Collected data
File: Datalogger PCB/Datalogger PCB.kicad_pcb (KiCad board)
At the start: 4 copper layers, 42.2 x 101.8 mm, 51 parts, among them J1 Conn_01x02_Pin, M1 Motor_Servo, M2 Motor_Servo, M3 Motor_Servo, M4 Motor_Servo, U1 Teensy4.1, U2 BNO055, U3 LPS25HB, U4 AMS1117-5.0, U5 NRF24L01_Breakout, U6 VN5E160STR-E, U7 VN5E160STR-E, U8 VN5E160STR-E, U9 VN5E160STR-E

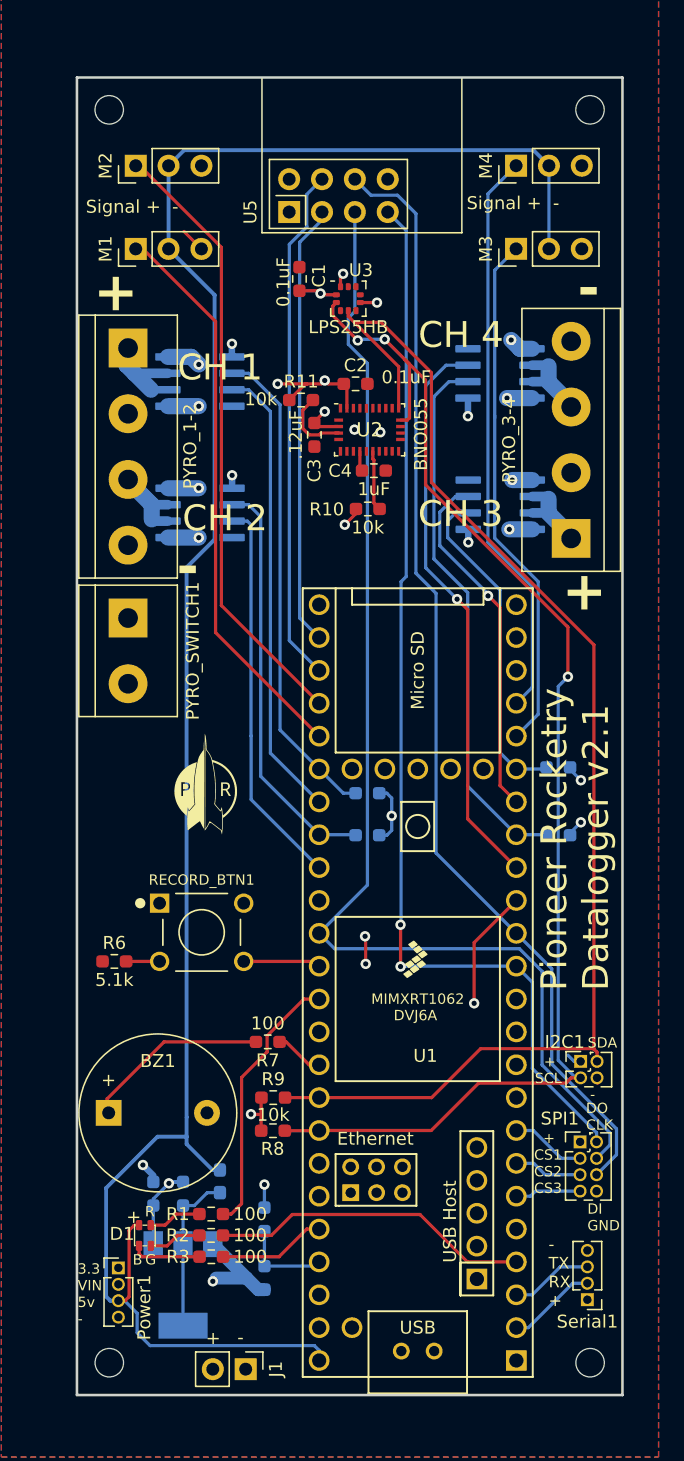
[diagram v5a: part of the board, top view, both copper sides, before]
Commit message: Made connectors bigger and removed unused radio connector
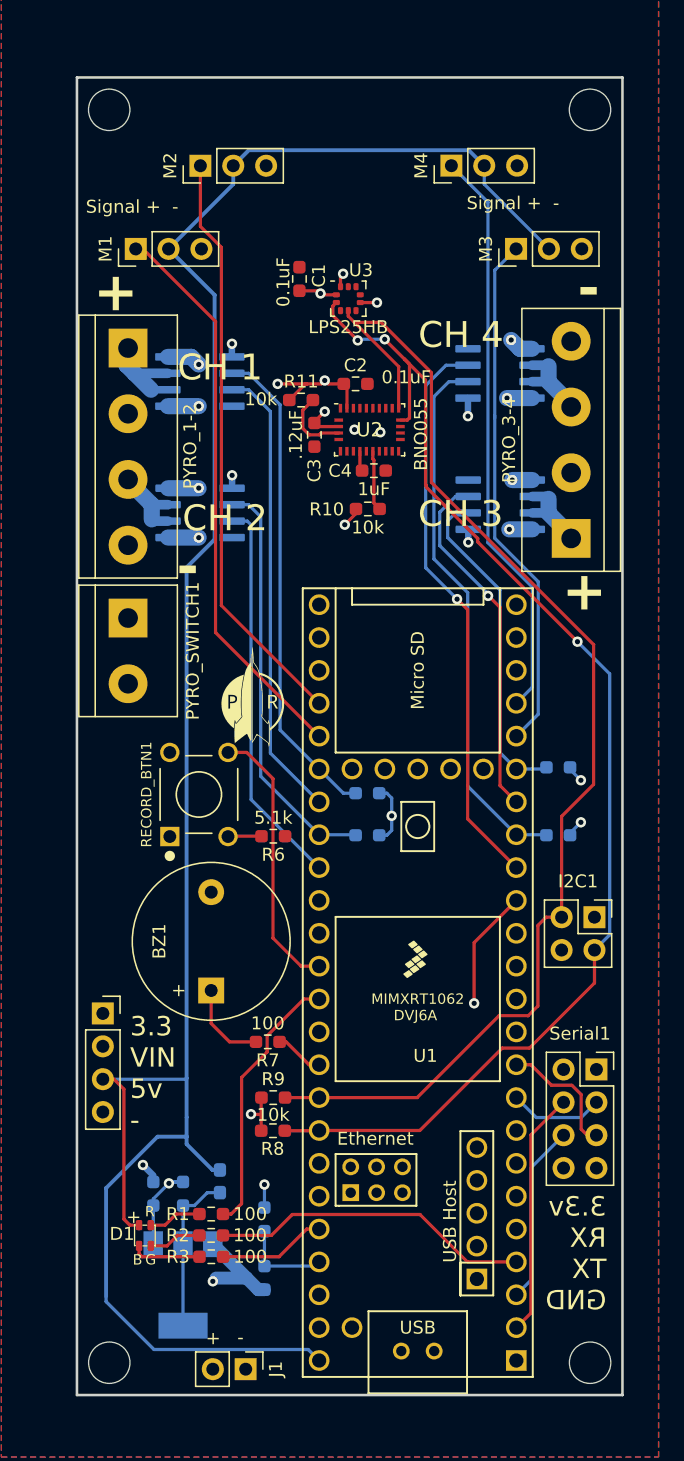
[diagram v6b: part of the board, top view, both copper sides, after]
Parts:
- removed SPI1: Conn_02x04_Counter_Clockwise, Connector_PinHeader_1.27mm:PinHeader_2x04_P1.27mm_Vertical
- removed U5: NRF24L01_Breakout, RF_Module:nRF24L01_Breakout
- H1, H2, H3, H4: footprint MountingHole:MountingHole_2.2mm_M2 -> MountingHole:MountingHole_3.2mm_M3
- I2C1: footprint Connector_PinHeader_1.27mm:PinHeader_2x02_P1.27mm_Vertical -> Connector_PinSocket_2.54mm:PinSocket_2x02_P2.54mm_Vertical
- Power1: footprint Connector_PinHeader_1.27mm:PinHeader_1x04_P1.27mm_Vertical -> Connector_PinSocket_2.54mm:PinSocket_1x04_P2.54mm_Vertical
- Serial1: value Conn_01x04_Pin -> Conn_02x04_Odd_Even; footprint Connector_PinHeader_1.27mm:PinHeader_1x04_P1.27mm_Vertical -> Connector_PinSocket_2.54mm:PinSocket_2x04_P2.54mm_Vertical
- moved Power1 19.7 mm to (139.6, 114.5)
- moved Serial1 17.8 mm to (177.7, 118.9), turned to 0 degrees
- moved R6 15.6 mm to (152.7, 100.8), turned to 180 degrees
- moved BZ1 12.3 mm to (147.9, 112.8), turned to 90 degrees
- moved I2C1 11.2 mm to (177.6, 107.1)
- moved RECORD_BTN1 10.7 mm to (147.0, 97.6), turned to 90 degrees
- moved G*** 7.68 mm to (151.1, 89.9)
- moved M2 5.00 mm to (147.1, 49.0)
- moved M4 5.00 mm to (166.5, 49.0)
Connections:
- Serial1 pad 2: /RX -> +3.3V
- Serial1 pad 3: /TX -> /RX2
- Serial1 pad 4: GND -> /RX
- U1 pad 10: unconnected-(U1-8_TX2_IN1-Pad10) -> /TX2
- U1 pad 26: /RADIO_CE -> unconnected-(U1-34_RX8-Pad26)
- U1 pad 27: /RADIO_CS -> unconnected-(U1-35_TX8-Pad27)
- U1 pad 9: unconnected-(U1-7_RX2_OUT1A-Pad9) -> /RX2
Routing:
- net /CLK: track 93.6 -> 0.00 mm
- net /DI: track 87.2 -> 0.00 mm
- net /DO: track 84.2 -> 0.00 mm, vias 2 -> 0
- net /RADIO_CS: track 40.0 -> 0.00 mm
- net /RADIO_CE: track 34.2 -> 0.00 mm
- net /RECORD_BTN: track 6.63 -> 21.8 mm
- net /RX: track 6.91 -> 18.9 mm
- net /TX2: track 0.00 -> 10.0 mm
- net Net-(BZ1--): track 14.4 -> 6.60 mm
- net /RX2: track 0.00 -> 7.79 mm
- net /TX: track 6.38 -> 13.8 mm
- net +5V: track 161.4 -> 167.2 mm
- net /EXTERNAL_CS1: track 5.82 -> 0.00 mm
- net /EXTERNAL_CS2: track 5.29 -> 0.00 mm
- net /EXTERNAL_CS3: track 5.09 -> 0.00 mm
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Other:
- board text added: "3.3v RX TX GND"
- board text removed: "+ CS1 CS2 CS3"
- board text removed: "+ SCL"
- board text removed: "- TX RX +"
- board text removed: "DI GND"
- board text removed: "DO CLK"
- board text removed: "SDA"

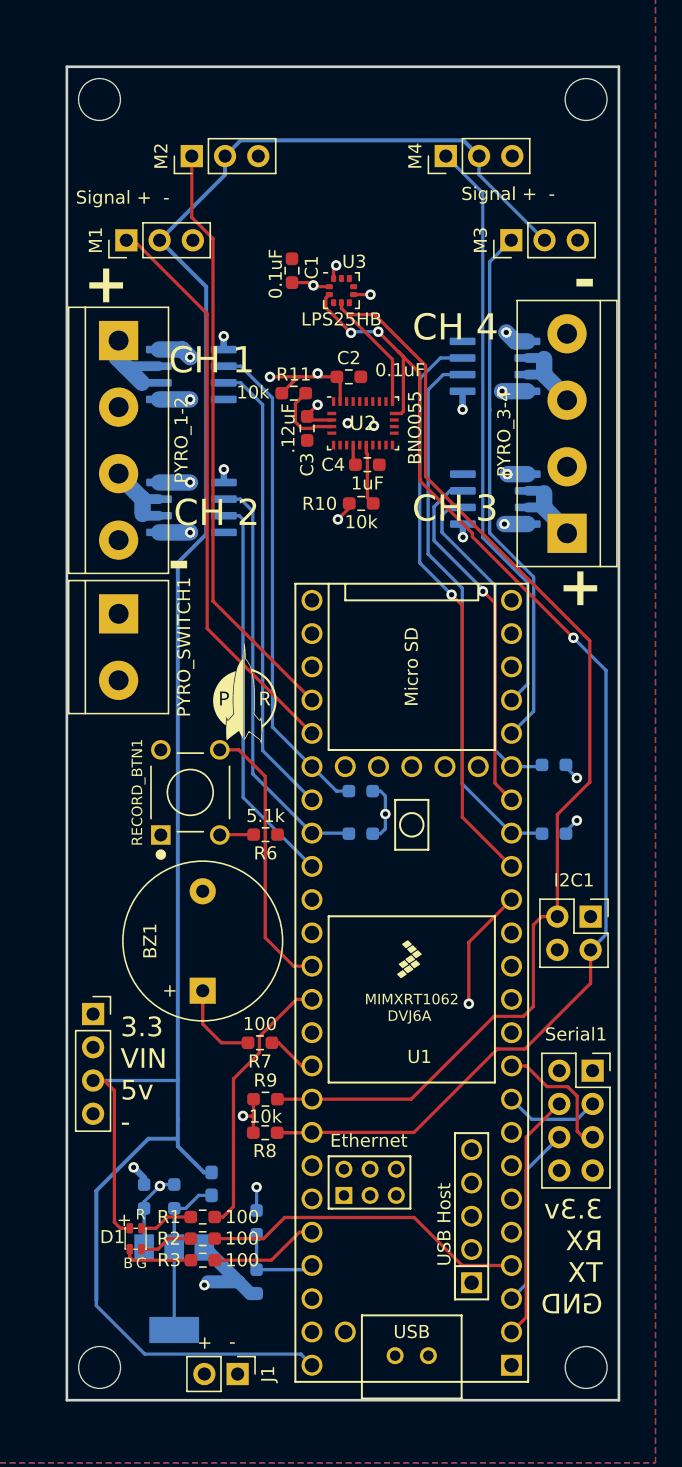
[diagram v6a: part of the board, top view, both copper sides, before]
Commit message: Removed Diode and replaced with jumper
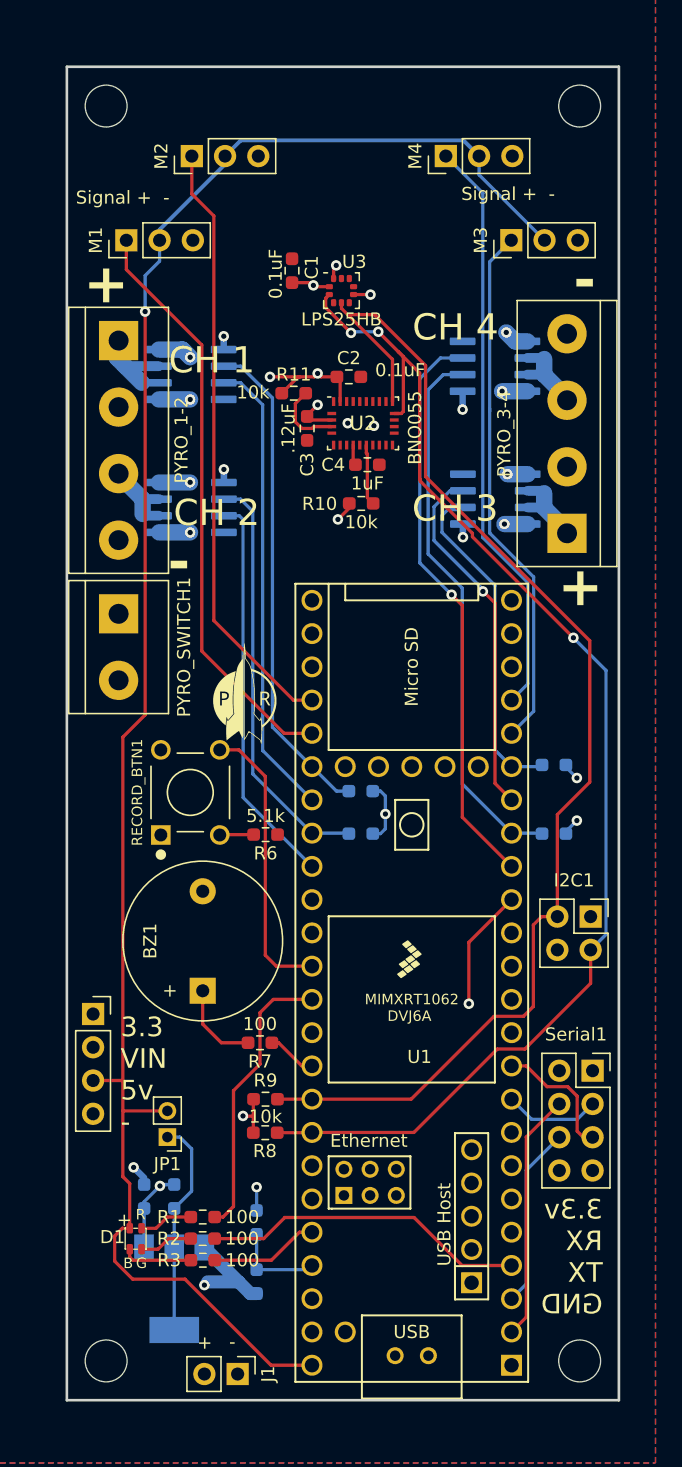
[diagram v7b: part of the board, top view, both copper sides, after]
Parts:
- removed D2: D, Diode_SMD:D_0603_1608Metric_Pad1.05x0.95mm_HandSolder
- added JP1: Jumper_2_Open, Connector_PinHeader_2.00mm:PinHeader_1x02_P2.00mm_Vertical, F.Cu at (145.2, 123.9)
- moved H1 0.71 mm to (140.5, 45.2)
- moved H3 0.71 mm to (176.7, 141.0)
- moved H4 0.71 mm to (140.5, 141.0)
- moved H2 0.70 mm to (176.7, 45.2)
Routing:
- net +5V: track 167.2 -> 141.6 mm, vias 0 -> 1
- net Net-(JP1-A): track 13.0 -> 17.1 mm
- net /RGB-R: track 20.9 -> 21.9 mm
- net /SERVO_1: track 43.9 -> 44.8 mm
- net /SERVO_2: track 45.4 -> 46.2 mm
- net /RECORD_BTN: track 21.8 -> 22.5 mm

*PROBLEM STATEMENT*
Which lines in the records contain the word "Commit"? Copy each one.

*SOLUTION TO THIS EXERCISE*
Commit message: Made connectors bigger and removed unused radio connector
Commit message: Removed Diode and replaced with jumper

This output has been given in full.